Inauguración del Palacio Municipal
El senador Graciano Ordoqui había obrado milagros consiguiendo del gobierno provincial que se construyeran los sólidos edificios de la comisaría, una escuela, la municipalidad y las instalaciones de las aguas corrientes. Nadie había hecho tanto, ni lo haría, por el embellecimiento de Casares, dándole por fin el clásico aspecto de cabecera de partido. Ordoqui compró personalmente el mobiliario en Maple, lo hizo acompañado por su amigo Fermín Tolosa.
Detallaba este, años después, su preocupación por los detalles y su afán por amueblar adecuadamente el edificio: los bellos silloncitos esterillados y las frágiles mesitas del más decantado estilo Luis XVI, que adquiriera, nos dice de su buen gusto y finamiento. Es de lamentar que la ignorancia, hiciera desaparecer tales joyas por los malos tratos recibidos: escritorios y mostradores han subsistido gracias a su solidez.
La inauguración de la casa comunal, efectuada el 9 de julio del 1930, fue el canto del cisne de Graciano Ordoqui. Dos meses después caería el gobierno radical significando su retiro de la política. Graciano no era persona de perder tiempo en nimiedades, encargó el lunch a una conocida cafetería porteña y delegó el trabajo de hacer las invitaciones. ¿El intendente?. Sí, existía pero nadie se acordaba de él. Claudio Balseéis el secretario, estaba harto ocupado con el gobierno comunal y sus amores. Entonces Pepe Seijo se hizo cargo de las mismas con la debida anticipación.

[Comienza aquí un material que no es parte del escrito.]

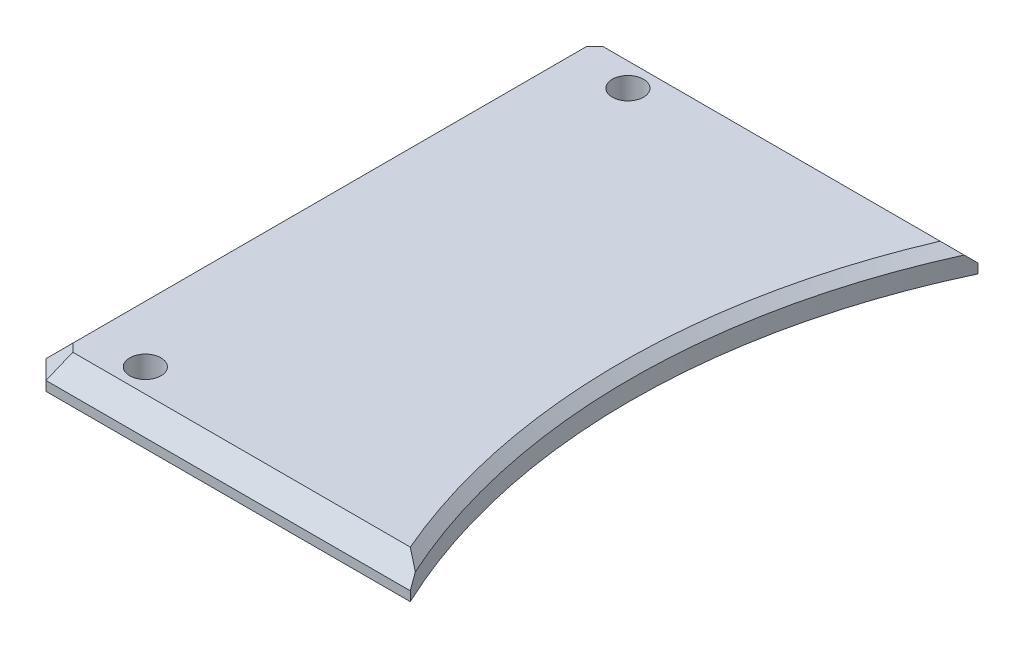
ISO-10303-21;
HEADER;
FILE_DESCRIPTION(('STEP AP214'),'2;1');
FILE_NAME('part.step','',(''),(''),'','','');
FILE_SCHEMA(('AUTOMOTIVE_DESIGN { 1 0 10303 214 1 1 1 1 }'));
ENDSEC;
DATA;
#1=APPLICATION_CONTEXT('core data for automotive mechanical design processes');
#2=APPLICATION_PROTOCOL_DEFINITION('international standard','automotive_design',2000,#1);
#3=PRODUCT_CONTEXT('',#1,'mechanical');
#4=PRODUCT('Part','Part','',(#3));
#5=PRODUCT_RELATED_PRODUCT_CATEGORY('part','',(#4));
#6=PRODUCT_DEFINITION_FORMATION('','',#4);
#7=PRODUCT_DEFINITION_CONTEXT('part definition',#1,'design');
#8=PRODUCT_DEFINITION('design','',#6,#7);
#9=PRODUCT_DEFINITION_SHAPE('','',#8);
#10=(LENGTH_UNIT() NAMED_UNIT(*) SI_UNIT(.MILLI.,.METRE.));
#11=(NAMED_UNIT(*) PLANE_ANGLE_UNIT() SI_UNIT($,.RADIAN.));
#12=(NAMED_UNIT(*) SI_UNIT($,.STERADIAN.) SOLID_ANGLE_UNIT());
#13=UNCERTAINTY_MEASURE_WITH_UNIT(LENGTH_MEASURE(1.E-05),#10,'distance_accuracy_value','');
#14=(GEOMETRIC_REPRESENTATION_CONTEXT(3) GLOBAL_UNCERTAINTY_ASSIGNED_CONTEXT((#13)) GLOBAL_UNIT_ASSIGNED_CONTEXT((#10,
#11,#12)) REPRESENTATION_CONTEXT('',''));
#15=CARTESIAN_POINT('',(0.,0.,0.));
#16=DIRECTION('',(0.,0.,1.));
#17=DIRECTION('',(1.,0.,0.));
#18=AXIS2_PLACEMENT_3D('',#15,#16,#17);
#19=CARTESIAN_POINT('',(83.4955532033676,-3.,0.));
#20=DIRECTION('',(0.,1.,0.));
#21=DIRECTION('',(0.,0.,1.));
#22=AXIS2_PLACEMENT_3D('',#19,#20,#21);
#23=CYLINDRICAL_SURFACE('',#22,70.);
#24=CARTESIAN_POINT('',(83.4955532033676,28.0000000000001,0.));
#25=DIRECTION('',(0.,-0.707106781186546,0.707106781186549));
#26=DIRECTION('',(0.,0.707106781186549,0.707106781186546));
#27=AXIS2_PLACEMENT_3D('',#24,#25,#26);
#28=ELLIPSE('',#27,98.9949493661168,70.);
#29=CARTESIAN_POINT('',(20.25,-2.00000000000001,-30.));
#30=VERTEX_POINT('',#29);
#31=CARTESIAN_POINT('',(19.7852714585817,-1.00000000000001,-29.));
#32=VERTEX_POINT('',#31);
#33=EDGE_CURVE('E174',#30,#32,#28,.F.);
#34=ORIENTED_EDGE('',*,*,#33,.T.);
#35=CARTESIAN_POINT('',(83.4955532033676,-1.,0.));
#36=DIRECTION('',(0.,1.,0.));
#37=DIRECTION('',(0.,0.,1.));
#38=AXIS2_PLACEMENT_3D('',#35,#36,#37);
#39=CIRCLE('',#38,70.);
#40=CARTESIAN_POINT('',(19.7852714585817,-1.,29.));
#41=VERTEX_POINT('',#40);
#42=EDGE_CURVE('E45',#32,#41,#39,.T.);
#43=ORIENTED_EDGE('',*,*,#42,.T.);
#44=CARTESIAN_POINT('',(83.4955532033676,28.0000000000001,0.));
#45=DIRECTION('',(0.,-0.707106781186546,-0.707106781186549));
#46=DIRECTION('',(0.,0.707106781186549,-0.707106781186546));
#47=AXIS2_PLACEMENT_3D('',#44,#45,#46);
#48=ELLIPSE('',#47,98.9949493661168,70.);
#49=CARTESIAN_POINT('',(20.25,-2.00000000000001,30.));
#50=VERTEX_POINT('',#49);
#51=EDGE_CURVE('E172',#41,#50,#48,.F.);
#52=ORIENTED_EDGE('',*,*,#51,.T.);
#53=DIRECTION('',(0.,1.,0.));
#54=VECTOR('',#53,1.);
#55=CARTESIAN_POINT('',(20.25,-3.,30.));
#56=LINE('',#55,#54);
#57=CARTESIAN_POINT('',(20.25,-3.,30.));
#58=VERTEX_POINT('',#57);
#59=EDGE_CURVE('E122',#58,#50,#56,.T.);
#60=ORIENTED_EDGE('',*,*,#59,.F.);
#61=CARTESIAN_POINT('',(83.4955532033676,-3.,0.));
#62=DIRECTION('',(0.,-1.,0.));
#63=DIRECTION('',(0.,0.,1.));
#64=AXIS2_PLACEMENT_3D('',#61,#62,#63);
#65=CIRCLE('',#64,70.);
#66=CARTESIAN_POINT('',(20.25,-3.,-30.));
#67=VERTEX_POINT('',#66);
#68=EDGE_CURVE('E129',#58,#67,#65,.T.);
#69=ORIENTED_EDGE('',*,*,#68,.T.);
#70=DIRECTION('',(0.,1.,0.));
#71=VECTOR('',#70,1.);
#72=CARTESIAN_POINT('',(20.25,-3.,-30.));
#73=LINE('',#72,#71);
#74=EDGE_CURVE('E113',#67,#30,#73,.T.);
#75=ORIENTED_EDGE('',*,*,#74,.T.);
#76=EDGE_LOOP('',(#34,#43,#52,#60,#69,#75));
#77=FACE_BOUND('',#76,.T.);
#78=ADVANCED_FACE('F33',(#77),#23,.F.);
#79=CARTESIAN_POINT('',(-20.25,-3.,30.));
#80=DIRECTION('',(0.,0.,1.));
#81=DIRECTION('',(1.,0.,0.));
#82=AXIS2_PLACEMENT_3D('',#79,#80,#81);
#83=PLANE('',#82);
#84=ORIENTED_EDGE('',*,*,#59,.T.);
#85=DIRECTION('',(-1.,0.,0.));
#86=VECTOR('',#85,1.);
#87=CARTESIAN_POINT('',(-20.25,-2.00000000000001,30.));
#88=LINE('',#87,#86);
#89=CARTESIAN_POINT('',(-18.25,-2.00000000000001,30.));
#90=VERTEX_POINT('',#89);
#91=EDGE_CURVE('E178',#50,#90,#88,.T.);
#92=ORIENTED_EDGE('',*,*,#91,.T.);
#93=DIRECTION('',(0.,-1.,0.));
#94=VECTOR('',#93,1.);
#95=CARTESIAN_POINT('',(-18.25,-3.,30.));
#96=LINE('',#95,#94);
#97=CARTESIAN_POINT('',(-18.25,-3.,30.));
#98=VERTEX_POINT('',#97);
#99=EDGE_CURVE('E153',#90,#98,#96,.T.);
#100=ORIENTED_EDGE('',*,*,#99,.T.);
#101=DIRECTION('',(1.,0.,0.));
#102=VECTOR('',#101,1.);
#103=CARTESIAN_POINT('',(-20.25,-3.,30.));
#104=LINE('',#103,#102);
#105=EDGE_CURVE('E123',#98,#58,#104,.T.);
#106=ORIENTED_EDGE('',*,*,#105,.T.);
#107=EDGE_LOOP('',(#84,#92,#100,#106));
#108=FACE_BOUND('',#107,.T.);
#109=ADVANCED_FACE('F232',(#108),#83,.T.);
#110=CARTESIAN_POINT('',(-20.25,-3.,30.));
#111=DIRECTION('',(-1.,0.,0.));
#112=DIRECTION('',(0.,0.,1.));
#113=AXIS2_PLACEMENT_3D('',#110,#111,#112);
#114=PLANE('',#113);
#115=DIRECTION('',(0.,1.,0.));
#116=VECTOR('',#115,1.);
#117=CARTESIAN_POINT('',(-20.25,-3.,28.));
#118=LINE('',#117,#116);
#119=CARTESIAN_POINT('',(-20.25,-3.,28.));
#120=VERTEX_POINT('',#119);
#121=CARTESIAN_POINT('',(-20.25,-2.00000000000001,28.));
#122=VERTEX_POINT('',#121);
#123=EDGE_CURVE('E150',#120,#122,#118,.T.);
#124=ORIENTED_EDGE('',*,*,#123,.T.);
#125=DIRECTION('',(0.,0.,-1.));
#126=VECTOR('',#125,1.);
#127=CARTESIAN_POINT('',(-20.25,-2.00000000000001,30.));
#128=LINE('',#127,#126);
#129=CARTESIAN_POINT('',(-20.25,-2.00000000000001,-28.));
#130=VERTEX_POINT('',#129);
#131=EDGE_CURVE('E182',#122,#130,#128,.T.);
#132=ORIENTED_EDGE('',*,*,#131,.T.);
#133=DIRECTION('',(0.,-1.,0.));
#134=VECTOR('',#133,1.);
#135=CARTESIAN_POINT('',(-20.25,-3.,-28.));
#136=LINE('',#135,#134);
#137=CARTESIAN_POINT('',(-20.25,-3.,-28.));
#138=VERTEX_POINT('',#137);
#139=EDGE_CURVE('E147',#130,#138,#136,.T.);
#140=ORIENTED_EDGE('',*,*,#139,.T.);
#141=DIRECTION('',(0.,0.,1.));
#142=VECTOR('',#141,1.);
#143=CARTESIAN_POINT('',(-20.25,-3.,30.));
#144=LINE('',#143,#142);
#145=EDGE_CURVE('E133',#138,#120,#144,.T.);
#146=ORIENTED_EDGE('',*,*,#145,.T.);
#147=EDGE_LOOP('',(#124,#132,#140,#146));
#148=FACE_BOUND('',#147,.T.);
#149=ADVANCED_FACE('F239',(#148),#114,.T.);
#150=CARTESIAN_POINT('',(-20.25,-3.,-30.));
#151=DIRECTION('',(0.,0.,-1.));
#152=DIRECTION('',(-1.,0.,0.));
#153=AXIS2_PLACEMENT_3D('',#150,#151,#152);
#154=PLANE('',#153);
#155=DIRECTION('',(0.,1.,0.));
#156=VECTOR('',#155,1.);
#157=CARTESIAN_POINT('',(-18.25,-3.,-30.));
#158=LINE('',#157,#156);
#159=CARTESIAN_POINT('',(-18.25,-3.,-30.));
#160=VERTEX_POINT('',#159);
#161=CARTESIAN_POINT('',(-18.25,-2.00000000000001,-30.));
#162=VERTEX_POINT('',#161);
#163=EDGE_CURVE('E158',#160,#162,#158,.T.);
#164=ORIENTED_EDGE('',*,*,#163,.T.);
#165=DIRECTION('',(1.,0.,0.));
#166=VECTOR('',#165,1.);
#167=CARTESIAN_POINT('',(-20.25,-2.00000000000001,-30.));
#168=LINE('',#167,#166);
#169=EDGE_CURVE('E120',#162,#30,#168,.T.);
#170=ORIENTED_EDGE('',*,*,#169,.T.);
#171=ORIENTED_EDGE('',*,*,#74,.F.);
#172=DIRECTION('',(-1.,0.,0.));
#173=VECTOR('',#172,1.);
#174=CARTESIAN_POINT('',(-20.25,-3.,-30.));
#175=LINE('',#174,#173);
#176=EDGE_CURVE('E117',#67,#160,#175,.T.);
#177=ORIENTED_EDGE('',*,*,#176,.T.);
#178=EDGE_LOOP('',(#164,#170,#171,#177));
#179=FACE_BOUND('',#178,.T.);
#180=ADVANCED_FACE('F116',(#179),#154,.T.);
#181=CARTESIAN_POINT('',(83.4955532033676,-3.,0.));
#182=DIRECTION('',(0.,1.,0.));
#183=DIRECTION('',(0.,0.,1.));
#184=AXIS2_PLACEMENT_3D('',#181,#182,#183);
#185=PLANE('',#184);
#186=CARTESIAN_POINT('',(-12.25,-3.,-25.5));
#187=DIRECTION('',(0.,1.,0.));
#188=DIRECTION('',(0.,0.,1.));
#189=AXIS2_PLACEMENT_3D('',#186,#187,#188);
#190=CIRCLE('',#189,1.65);
#191=CARTESIAN_POINT('',(-12.25,-3.,-23.85));
#192=VERTEX_POINT('',#191);
#193=EDGE_CURVE('E372',#192,#192,#190,.T.);
#194=ORIENTED_EDGE('',*,*,#193,.T.);
#195=EDGE_LOOP('',(#194));
#196=FACE_BOUND('',#195,.T.);
#197=CARTESIAN_POINT('',(-12.25,-3.,25.5));
#198=DIRECTION('',(0.,1.,0.));
#199=DIRECTION('',(0.,0.,1.));
#200=AXIS2_PLACEMENT_3D('',#197,#198,#199);
#201=CIRCLE('',#200,1.65);
#202=CARTESIAN_POINT('',(-12.25,-3.,27.15));
#203=VERTEX_POINT('',#202);
#204=EDGE_CURVE('E137',#203,#203,#201,.T.);
#205=ORIENTED_EDGE('',*,*,#204,.T.);
#206=EDGE_LOOP('',(#205));
#207=FACE_BOUND('',#206,.T.);
#208=ORIENTED_EDGE('',*,*,#105,.F.);
#209=DIRECTION('',(0.70710678118655,0.,0.707106781186545));
#210=VECTOR('',#209,1.);
#211=CARTESIAN_POINT('',(-20.25,-3.,28.));
#212=LINE('',#211,#210);
#213=EDGE_CURVE('E156',#98,#120,#212,.F.);
#214=ORIENTED_EDGE('',*,*,#213,.T.);
#215=ORIENTED_EDGE('',*,*,#145,.F.);
#216=DIRECTION('',(-0.707106781186546,0.,0.707106781186549));
#217=VECTOR('',#216,1.);
#218=CARTESIAN_POINT('',(-18.25,-3.,-30.));
#219=LINE('',#218,#217);
#220=EDGE_CURVE('E132',#138,#160,#219,.F.);
#221=ORIENTED_EDGE('',*,*,#220,.T.);
#222=ORIENTED_EDGE('',*,*,#176,.F.);
#223=ORIENTED_EDGE('',*,*,#68,.F.);
#224=EDGE_LOOP('',(#208,#214,#215,#221,#222,#223));
#225=FACE_BOUND('',#224,.T.);
#226=ADVANCED_FACE('F128',(#196,#207,#225),#185,.F.);
#227=CARTESIAN_POINT('',(83.4955532033676,0.,0.));
#228=DIRECTION('',(0.,1.,0.));
#229=DIRECTION('',(0.,0.,1.));
#230=AXIS2_PLACEMENT_3D('',#227,#228,#229);
#231=PLANE('',#230);
#232=DIRECTION('',(1.,0.,0.));
#233=VECTOR('',#232,1.);
#234=CARTESIAN_POINT('',(83.4955532033676,0.,28.));
#235=LINE('',#234,#233);
#236=CARTESIAN_POINT('',(-17.4215728752538,0.,28.));
#237=VERTEX_POINT('',#236);
#238=CARTESIAN_POINT('',(18.249863690573,0.,28.));
#239=VERTEX_POINT('',#238);
#240=EDGE_CURVE('E164',#237,#239,#235,.T.);
#241=ORIENTED_EDGE('',*,*,#240,.T.);
#242=CARTESIAN_POINT('',(83.4955532033676,0.,0.));
#243=DIRECTION('',(0.,1.,0.));
#244=DIRECTION('',(0.,0.,1.));
#245=AXIS2_PLACEMENT_3D('',#242,#243,#244);
#246=CIRCLE('',#245,71.);
#247=CARTESIAN_POINT('',(18.249863690573,0.,-28.));
#248=VERTEX_POINT('',#247);
#249=EDGE_CURVE('E184',#239,#248,#246,.F.);
#250=ORIENTED_EDGE('',*,*,#249,.T.);
#251=DIRECTION('',(-1.,0.,0.));
#252=VECTOR('',#251,1.);
#253=CARTESIAN_POINT('',(83.4955532033676,0.,-28.));
#254=LINE('',#253,#252);
#255=CARTESIAN_POINT('',(-17.4215728752538,0.,-28.));
#256=VERTEX_POINT('',#255);
#257=EDGE_CURVE('E169',#248,#256,#254,.T.);
#258=ORIENTED_EDGE('',*,*,#257,.T.);
#259=DIRECTION('',(-0.707106781186546,0.,0.707106781186549));
#260=VECTOR('',#259,1.);
#261=CARTESIAN_POINT('',(19.0369901640567,0.,-64.4585630393107));
#262=LINE('',#261,#260);
#263=CARTESIAN_POINT('',(-18.25,0.,-27.1715728752538));
#264=VERTEX_POINT('',#263);
#265=EDGE_CURVE('E167',#256,#264,#262,.T.);
#266=ORIENTED_EDGE('',*,*,#265,.T.);
#267=DIRECTION('',(0.,0.,1.));
#268=VECTOR('',#267,1.);
#269=CARTESIAN_POINT('',(-18.25,0.,0.));
#270=LINE('',#269,#268);
#271=CARTESIAN_POINT('',(-18.25,0.,27.1715728752538));
#272=VERTEX_POINT('',#271);
#273=EDGE_CURVE('E160',#264,#272,#270,.T.);
#274=ORIENTED_EDGE('',*,*,#273,.T.);
#275=DIRECTION('',(0.70710678118655,0.,0.707106781186545));
#276=VECTOR('',#275,1.);
#277=CARTESIAN_POINT('',(19.0369901640572,0.,64.4585630393108));
#278=LINE('',#277,#276);
#279=EDGE_CURVE('E162',#272,#237,#278,.T.);
#280=ORIENTED_EDGE('',*,*,#279,.T.);
#281=EDGE_LOOP('',(#241,#250,#258,#266,#274,#280));
#282=FACE_BOUND('',#281,.T.);
#283=CARTESIAN_POINT('',(-12.25,0.,-25.5));
#284=DIRECTION('',(0.,1.,0.));
#285=DIRECTION('',(0.,0.,1.));
#286=AXIS2_PLACEMENT_3D('',#283,#284,#285);
#287=CIRCLE('',#286,1.65);
#288=CARTESIAN_POINT('',(-12.25,0.,-23.85));
#289=VERTEX_POINT('',#288);
#290=EDGE_CURVE('E197',#289,#289,#287,.T.);
#291=ORIENTED_EDGE('',*,*,#290,.F.);
#292=EDGE_LOOP('',(#291));
#293=FACE_BOUND('',#292,.T.);
#294=CARTESIAN_POINT('',(-12.25,0.,25.5));
#295=DIRECTION('',(0.,1.,0.));
#296=DIRECTION('',(0.,0.,1.));
#297=AXIS2_PLACEMENT_3D('',#294,#295,#296);
#298=CIRCLE('',#297,1.65);
#299=CARTESIAN_POINT('',(-12.25,0.,27.15));
#300=VERTEX_POINT('',#299);
#301=EDGE_CURVE('E140',#300,#300,#298,.T.);
#302=ORIENTED_EDGE('',*,*,#301,.F.);
#303=EDGE_LOOP('',(#302));
#304=FACE_BOUND('',#303,.T.);
#305=ADVANCED_FACE('F271',(#282,#293,#304),#231,.T.);
#306=CARTESIAN_POINT('',(-12.25,-3.,25.5));
#307=DIRECTION('',(0.,1.,0.));
#308=DIRECTION('',(0.,0.,1.));
#309=AXIS2_PLACEMENT_3D('',#306,#307,#308);
#310=CYLINDRICAL_SURFACE('',#309,1.65);
#311=ORIENTED_EDGE('',*,*,#204,.F.);
#312=EDGE_LOOP('',(#311));
#313=FACE_BOUND('',#312,.T.);
#314=ORIENTED_EDGE('',*,*,#301,.T.);
#315=EDGE_LOOP('',(#314));
#316=FACE_BOUND('',#315,.T.);
#317=ADVANCED_FACE('F250',(#313,#316),#310,.F.);
#318=CARTESIAN_POINT('',(-12.25,-3.,-25.5));
#319=DIRECTION('',(0.,1.,0.));
#320=DIRECTION('',(0.,0.,1.));
#321=AXIS2_PLACEMENT_3D('',#318,#319,#320);
#322=CYLINDRICAL_SURFACE('',#321,1.65);
#323=ORIENTED_EDGE('',*,*,#193,.F.);
#324=EDGE_LOOP('',(#323));
#325=FACE_BOUND('',#324,.T.);
#326=ORIENTED_EDGE('',*,*,#290,.T.);
#327=EDGE_LOOP('',(#326));
#328=FACE_BOUND('',#327,.T.);
#329=ADVANCED_FACE('F245',(#325,#328),#322,.F.);
#330=CARTESIAN_POINT('',(-20.25,-3.,28.));
#331=DIRECTION('',(0.707106781186545,0.,-0.70710678118655));
#332=DIRECTION('',(0.,1.,0.));
#333=AXIS2_PLACEMENT_3D('',#330,#331,#332);
#334=PLANE('',#333);
#335=ORIENTED_EDGE('',*,*,#99,.F.);
#336=DIRECTION('',(0.70710678118655,0.,0.707106781186545));
#337=VECTOR('',#336,1.);
#338=CARTESIAN_POINT('',(-20.25,-2.,28.));
#339=LINE('',#338,#337);
#340=EDGE_CURVE('E180',#90,#122,#339,.F.);
#341=ORIENTED_EDGE('',*,*,#340,.T.);
#342=ORIENTED_EDGE('',*,*,#123,.F.);
#343=ORIENTED_EDGE('',*,*,#213,.F.);
#344=EDGE_LOOP('',(#335,#341,#342,#343));
#345=FACE_BOUND('',#344,.T.);
#346=ADVANCED_FACE('F229',(#345),#334,.F.);
#347=CARTESIAN_POINT('',(-18.25,-3.,-30.));
#348=DIRECTION('',(0.707106781186549,0.,0.707106781186546));
#349=DIRECTION('',(0.,1.,0.));
#350=AXIS2_PLACEMENT_3D('',#347,#348,#349);
#351=PLANE('',#350);
#352=ORIENTED_EDGE('',*,*,#139,.F.);
#353=DIRECTION('',(-0.707106781186546,0.,0.707106781186549));
#354=VECTOR('',#353,1.);
#355=CARTESIAN_POINT('',(-18.25,-2.00000000000001,-30.));
#356=LINE('',#355,#354);
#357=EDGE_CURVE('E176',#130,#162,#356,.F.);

La recepción contaría con doscientas cincuenta personas pues se bailaba y se cenaba. No se omitiría a nadie de pro, las entusiastas entre las damiselas y las señoras planeando sus toilettes. Muchas de ellas vestirían por primera vez un vestido largo de fiesta. Hubo que pedir turno a las modistas que se deshacían en comentarios. Las que estaban seguras de asistir se mostraban radiantes, las que dudaban, vivían amargadas y nerviosas porque “ don José” había anunciado que haría una precisa selección. En efecto, en su escritorio había una lista con mas de cien familias. Su esposa también intervenía, la misma fue hecha y rehecha varias veces. Aunque redactada por orden alfabético, primeramente se separaron los nombre de la elite. Después la señora expurgó a ciertas personas cuya moral no la convención del todo. Por último, estaban quienes por su nivel cultural no eran aceptables. En su mayor parte se podía invitar a los hijos y a los padres no, y así se hizo. Más de una tarjeta estaba dirigida a las señoritas de..... omitiendo a los cabeza de la familia, algo insólito. Seijo se salía con la suya, salvo que se vio obligado a dar en propia mano la tarjeta que tanto daba que hablar a alguien que lo sorprendió. Las señoritas Mieres estaban enloquecidas por asistir a la fiesta, se habían hecho trajes de innegable elegancia, pero la invitación no llegaba con el transcurrir de los días. Qué no darían en la intimidad y cómo tendrían a mal traer a la familia para que el padre comprara una quintita y le encargase la escritura a Seijo. Al retirarse le pidió una de las invitaciones que estaban a la vista. Imposible negarse. Así fueron las señoritas Mieres a la fiesta que tanto desvelos les causara.
La celebración fue deslumbrante y quedaría en el recuerdo de cuantos asistieron como algo muy grato. En realidad algo semejante, no se repetiría nunca, en ninguna ocasión.